■ The data ■
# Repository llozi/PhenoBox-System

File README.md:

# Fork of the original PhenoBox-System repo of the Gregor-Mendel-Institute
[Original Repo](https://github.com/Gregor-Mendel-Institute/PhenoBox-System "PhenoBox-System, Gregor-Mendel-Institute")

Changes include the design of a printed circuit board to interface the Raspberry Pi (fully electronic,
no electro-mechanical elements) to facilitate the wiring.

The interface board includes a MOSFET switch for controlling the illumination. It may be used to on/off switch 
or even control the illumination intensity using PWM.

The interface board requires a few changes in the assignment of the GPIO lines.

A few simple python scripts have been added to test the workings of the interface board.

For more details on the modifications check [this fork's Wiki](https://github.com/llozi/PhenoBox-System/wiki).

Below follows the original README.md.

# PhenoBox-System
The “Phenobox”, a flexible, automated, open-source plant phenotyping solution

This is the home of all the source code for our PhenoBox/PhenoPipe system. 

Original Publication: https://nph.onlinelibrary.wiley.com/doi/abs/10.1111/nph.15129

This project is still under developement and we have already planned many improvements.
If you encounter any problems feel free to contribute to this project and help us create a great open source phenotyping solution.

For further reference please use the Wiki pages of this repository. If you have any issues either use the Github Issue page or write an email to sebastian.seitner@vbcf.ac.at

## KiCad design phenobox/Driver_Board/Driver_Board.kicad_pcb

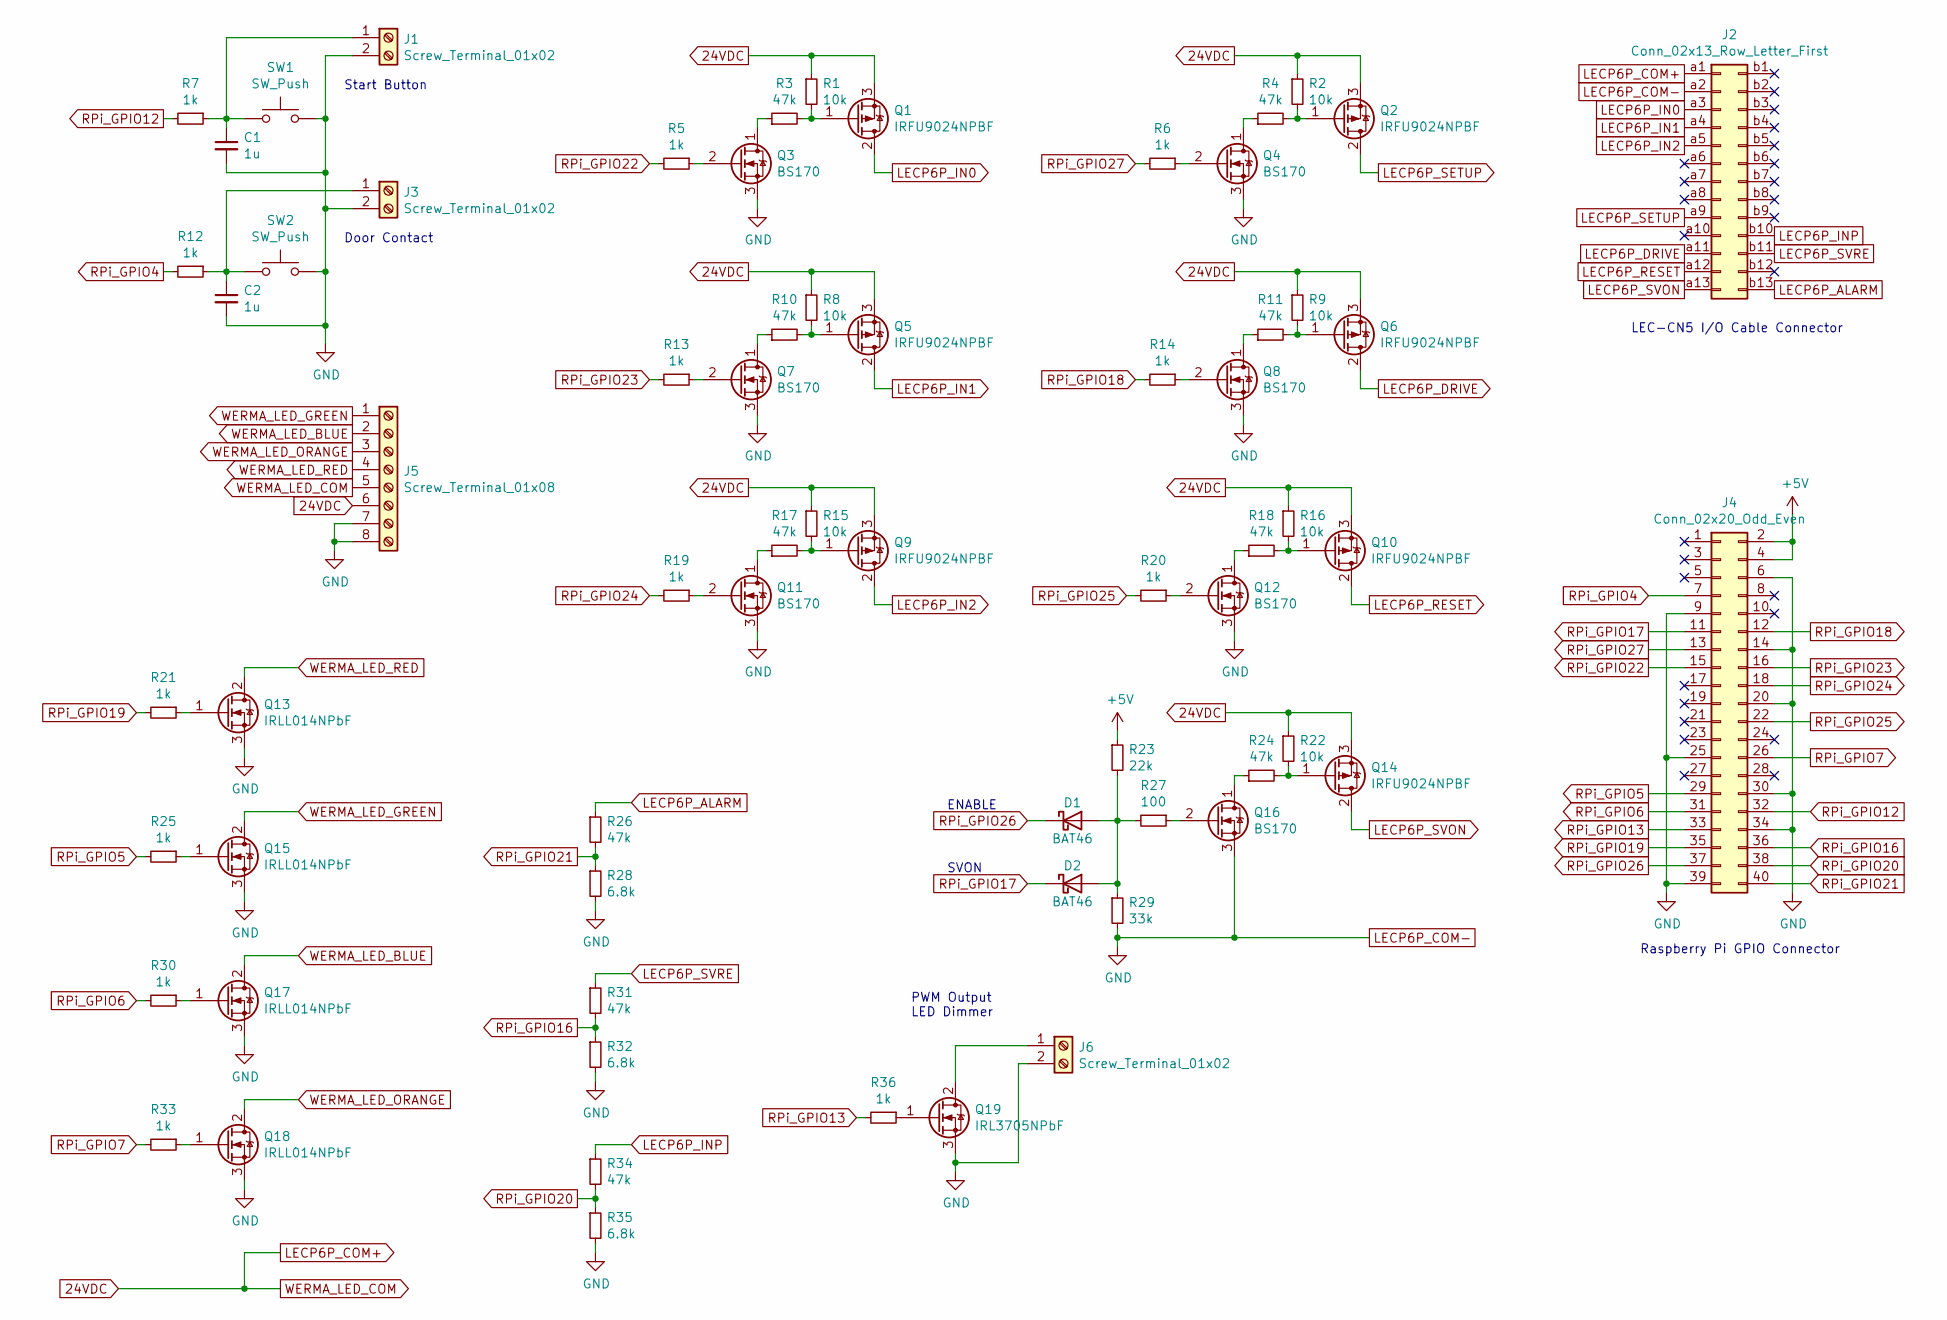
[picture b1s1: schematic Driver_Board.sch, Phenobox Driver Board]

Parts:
C1, C2: 1u; C_Rect_L4.0mm_W2.5mm_P2.50mm
D1, D2: BAT46; D_DO-35_SOD27_P7.62mm_Horizontal
J1, J3, J6: Screw_Terminal_01x02; TerminalBlock_Phoenix_MKDS-1,5-2-5.08_1x02_P5.08mm_Horizont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
J2: Conn_02x13_Row_Letter_First; IDC-Header_2x13_P2.54mm_Vertical
J4: Conn_02x20_Odd_Even; IDC-Header_2x20_P2.54mm_Vertical
J5: Screw_Terminal_01x08; TerminalBlock_Phoenix_MKDS-1,5-8-5.08_1x08_P5.08mm_Horizont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
Q1, Q2, Q5, Q6, Q9, Q10, Q14: IRFU9024NPBF; TO-251-3_Vertical
Q3, Q4, Q7, Q8, Q11, Q12, Q16: BS170; TO-92_Wide
Q13, Q15, Q17, Q18: IRLL014NPbF; SOT-223-3_TabPin2
Q19: IRL3705NPbF; TO-220-3_Vertical
R1, R2, R8, R9, R15, R16, R22: 10k; R_Axial_DIN0207_L6.3mm_D2.5mm_P7.62mm_Horizontal
R3, R4, R10, R11, R17, R18, R24, R26, R31, R34: 47k; R_Axial_DIN0207_L6.3mm_D2.5mm_P7.62mm_Horizontal
R5, R6, R7, R12, R13, R14, R19, R20, R21, R25, R30, R33, R36: 1k; R_Axial_DIN0207_L6.3mm_D2.5mm_P7.62mm_Horizontal
R23: 22k; R_Axial_DIN0207_L6.3mm_D2.5mm_P7.62mm_Horizontal
R27: 100; R_Axial_DIN0207_L6.3mm_D2.5mm_P7.62mm_Horizontal
R28, R32, R35: 6.8k; R_Axial_DIN0207_L6.3mm_D2.5mm_P7.62mm_Horizontal
R29: 33k; R_Axial_DIN0207_L6.3mm_D2.5mm_P7.62mm_Horizontal
SW1, SW2: SW_Push

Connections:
24VDC: J2.a1, J5.5, J5.6, Q1.3 (S), Q2.3 (S), Q5.3 (S), Q6.3 (S), Q9.3 (S), Q10.3 (S), Q14.3 (S), R1.1, R2.1, R8.1, R9.1, R15.1, R16.1, R22.1
+5V: J4.2, J4.4, R23.1
LECP6P_ALARM: J2.b13, R26.1
LECP6P_COM-: C1.2, C2.2, J1.2, J2.a2, J3.2, J4.6, J4.9, J4.14, J4.20, J4.25, J4.30, J4.34, J4.39, J5.7, J5.8, J6.2, Q3.3 (S), Q4.3 (S), Q7.3 (S), Q8.3 (S), Q11.3 (S), Q12.3 (S), Q13.3 (S), Q15.3 (S), Q16.3 (S), Q17.3 (S), Q18.3 (S), Q19.3 (S), R28.2, R29.2, R32.2, R35.2, SW1.2, SW2.2
LECP6P_DRIVE: J2.a11, Q6.2 (D)
LECP6P_IN0: J2.a3, Q1.2 (D)
LECP6P_IN1: J2.a4, Q5.2 (D)
LECP6P_IN2: J2.a5, Q9.2 (D)
LECP6P_INP: J2.b10, R34.1
LECP6P_RESET: J2.a12, Q10.2 (D)
LECP6P_SETUP: J2.a9, Q2.2 (D)
LECP6P_SVON: J2.a13, Q14.2 (D)
LECP6P_SVRE: J2.b11, R31.1
unnamed: C1.1, J1.1, R7.1, SW1.1
unnamed: C2.1, J3.1, R12.1, SW2.1
unnamed: D1.2 (A), D2.2 (A), R23.2, R27.2, R29.1
unnamed: J6.1, Q19.2 (D)
unnamed: Q1.1 (G), R1.2, R3.2
unnamed: Q2.1 (G), R2.2, R4.2
unnamed: Q3.1 (D), R3.1
unnamed: Q3.2 (G), R5.1
unnamed: Q4.1 (D), R4.1
unnamed: Q4.2 (G), R6.1
unnamed: Q5.1 (G), R8.2, R10.2
unnamed: Q6.1 (G), R9.2, R11.2
unnamed: Q7.1 (D), R10.1
unnamed: Q7.2 (G), R13.1
unnamed: Q8.1 (D), R11.1
unnamed: Q8.2 (G), R14.1
unnamed: Q9.1 (G), R15.2, R17.2
unnamed: Q10.1 (G), R16.2, R18.2
unnamed: Q11.1 (D), R17.1
unnamed: Q11.2 (G), R19.1
unnamed: Q12.1 (D), R18.1
unnamed: Q12.2 (G), R20.1
unnamed: Q13.1 (G), R21.1
unnamed: Q14.1 (G), R22.2, R24.2
unnamed: Q15.1 (G), R25.1
unnamed: Q16.1 (D), R24.1
unnamed: Q16.2 (G), R27.1
unnamed: Q17.1 (G), R30.1
unnamed: Q18.1 (G), R33.1
unnamed: Q19.1 (G), R36.1
RPi_GPIO4: J4.7, R12.2
RPi_GPIO5: J4.29, R25.2
RPi_GPIO6: J4.31, R30.2
RPi_GPIO7: J4.26, R33.2
RPi_GPIO12: J4.32, R7.2
RPi_GPIO13: J4.33, R36.2
RPi_GPIO16: J4.36, R31.2, R32.1
RPi_GPIO17: D2.1 (K), J4.11
RPi_GPIO18: J4.12, R14.2
RPi_GPIO19: J4.35, R21.2
RPi_GPIO20: J4.38, R34.2, R35.1
RPi_GPIO21: J4.40, R26.2, R28.1
RPi_GPIO22: J4.15, R5.2
RPi_GPIO23: J4.16, R13.2
RPi_GPIO24: J4.18, R19.2
RPi_GPIO25: J4.22, R20.2
RPi_GPIO26: D1.1 (K), J4.37
RPi_GPIO27: J4.13, R6.2
WERMA_LED_BLUE: J5.2, Q17.2 (D)
WERMA_LED_GREEN: J5.1, Q15.2 (D)
WERMA_LED_ORANGE: J5.3, Q18.2 (D)
WERMA_LED_RED: J5.4, Q13.2 (D)

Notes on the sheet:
Start Button
Door Contact
SVON
ENABLE
LEC-CN5 I/O Cable Connector
Raspberry Pi GPIO Connector
PWM Output LED Dimmer

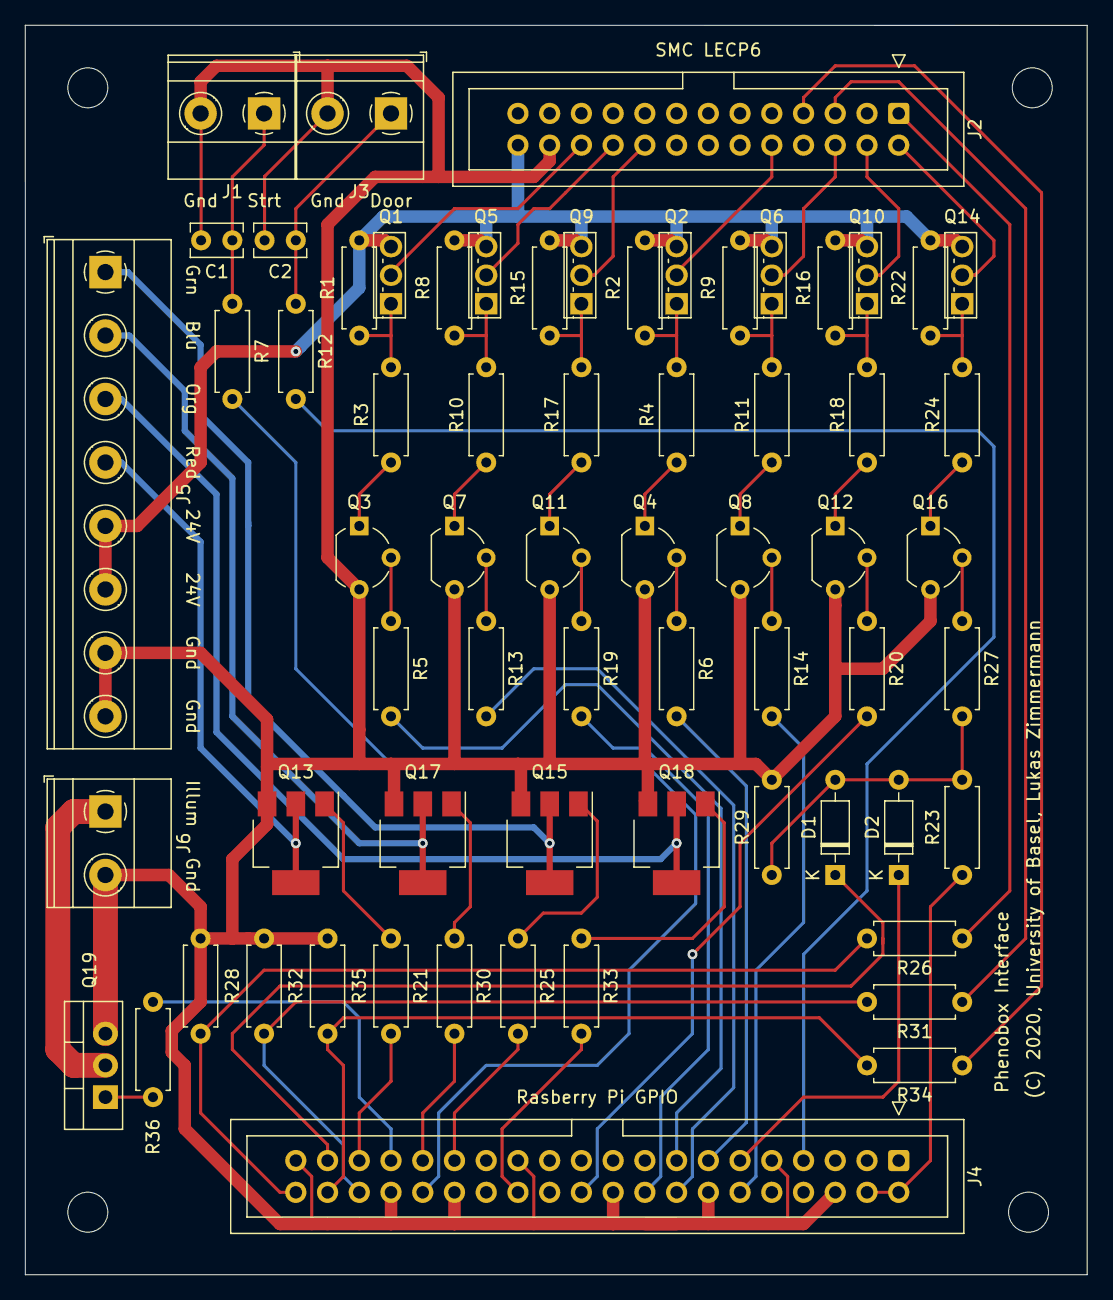
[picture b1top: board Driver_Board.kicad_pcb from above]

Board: 2 copper layers, 85.0 x 100.0 mm, 65 parts (0 on the bottom side), 65 nets.

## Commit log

2020-12-11 In led_controller.py: changed gpio assignments to match the freshly designed "PhenoBox Driver Board".
2020-12-11 Created a few simple scripts for testing the hardware.
2020-12-13 Added a few remarks to the root README.md about the changes of this fork in respect to the original.
2020-12-13 Added the KiCad project of the interface pcb to the Raspberry Pi.
2020-12-16 Added file test_config.ini containing a few settings used for the hardware test scripts.
2020-12-16 In motor_controller.py: removed pulldowns in GPIO inputs. Added a few pint statement (commented out) for debugging. Added line breaks to comments to limit the width of texts.
2020-12-16 In input_controller.py: fixed InputController.evaluate_start() to reliably detect start button pressed and to suppress spurious button releases. I don't know, why the original code does not work reli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
2020-12-16 In test_inputs.py: added logging to be able to better debugging it, includes reading of config file.
2020-12-16 test_motor.py: use gpio_controllers MotorController class, cycle through 6 rotary table positions.
2020-12-16 Created new directory LER10K_LECP6 containing the files with the parameter settings and the step data for the LER10K rotary table.
2020-12-17 Fixed camera/errors.py: if CameraError exception has no "detail" attribute the stringyfied exception produced a runtime error.
2020-12-17 In config/test_config.ini: added "camera_position = vis.side"
2020-12-17 Created super simple script for testing camera: test_camera.py
2020-12-18 In hardware_tests/illu_dim.py: Added correct description to the ArgumentParser. Added copyright notice.
2020-12-18 In hardware_tests/illu_dim.py: fixed unescaped "'" in string.
2020-12-22 Update README.md
    Added link to this fork's github Wiki.
2020-12-30 autostart.py was not working: There is no module photobox, phenobox seems to be meant; The Phenobox class needs to be instantiated. Changed the configuration file name to 'production_config.ini'.
2021-01-18 Added logging to network/token_auth.py.
2021-01-18 Changed imports of package camera to be usable from outside (for hardware_tests/test_camera.py). To test_camera.py, added QR code test scanning.
2021-01-18 Created phenobox_standalone; ported to python3 (3.7.3), removed all code using a remote server to make a version of phenobox usable without server. Made a few improvements, like handling SIG_USR1 to 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
2021-01-18 Changed image_handler.py to do a copy of the original camera file to a subdirectory where the preprocessed images get stored. Removed the networking related exceptions.
2021-01-18 statemachine.py: removed the copying of the originals camera files as this is done in image_handler, now. Added a delay when switching on illumination, to make shure it is at full brightness when the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
2021-01-18 Added and example_config.ini to the phenobox_standalone files.
2021-01-22 statemachine.py: use QR-code data to set plant.experiment_name, plant.sample_group_name, self.plant.name; add error 12: "QR-Code has unknown meaning" indicating improper QR-code data.
2021-01-22 phenobox_standalone.py: import subprocess to be able to shutdown RPi. Use new "preproc_image_folder" config attribute instead of "shared_folder_mountpoint" as place to store preprocessed images (incl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
2021-01-22 image_handler.py: Use new "preproc_image_folder" config attribute instead of "shared_folder_mountpoint" as place to store preprocessed images (incl. originals).
2021-01-22 example_config.ini: added new "preproc_image_folder" config attribute.
2021-01-27 Changed image_handler.py and statemachine.py to use four QR-code fields for experiment (project), time point, treatment and replicate which then is translated to directory struvture and image file na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

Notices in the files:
phenobox/Driver_Board/Driver_Board.kicad_pcb:
(C) 2020, University of Basel, Lukas Zimmermann

■ Work to be completed ■
Count every line in the preceding entries where the string "Mendel" appears, then state only the total.

■ The completed task ■
2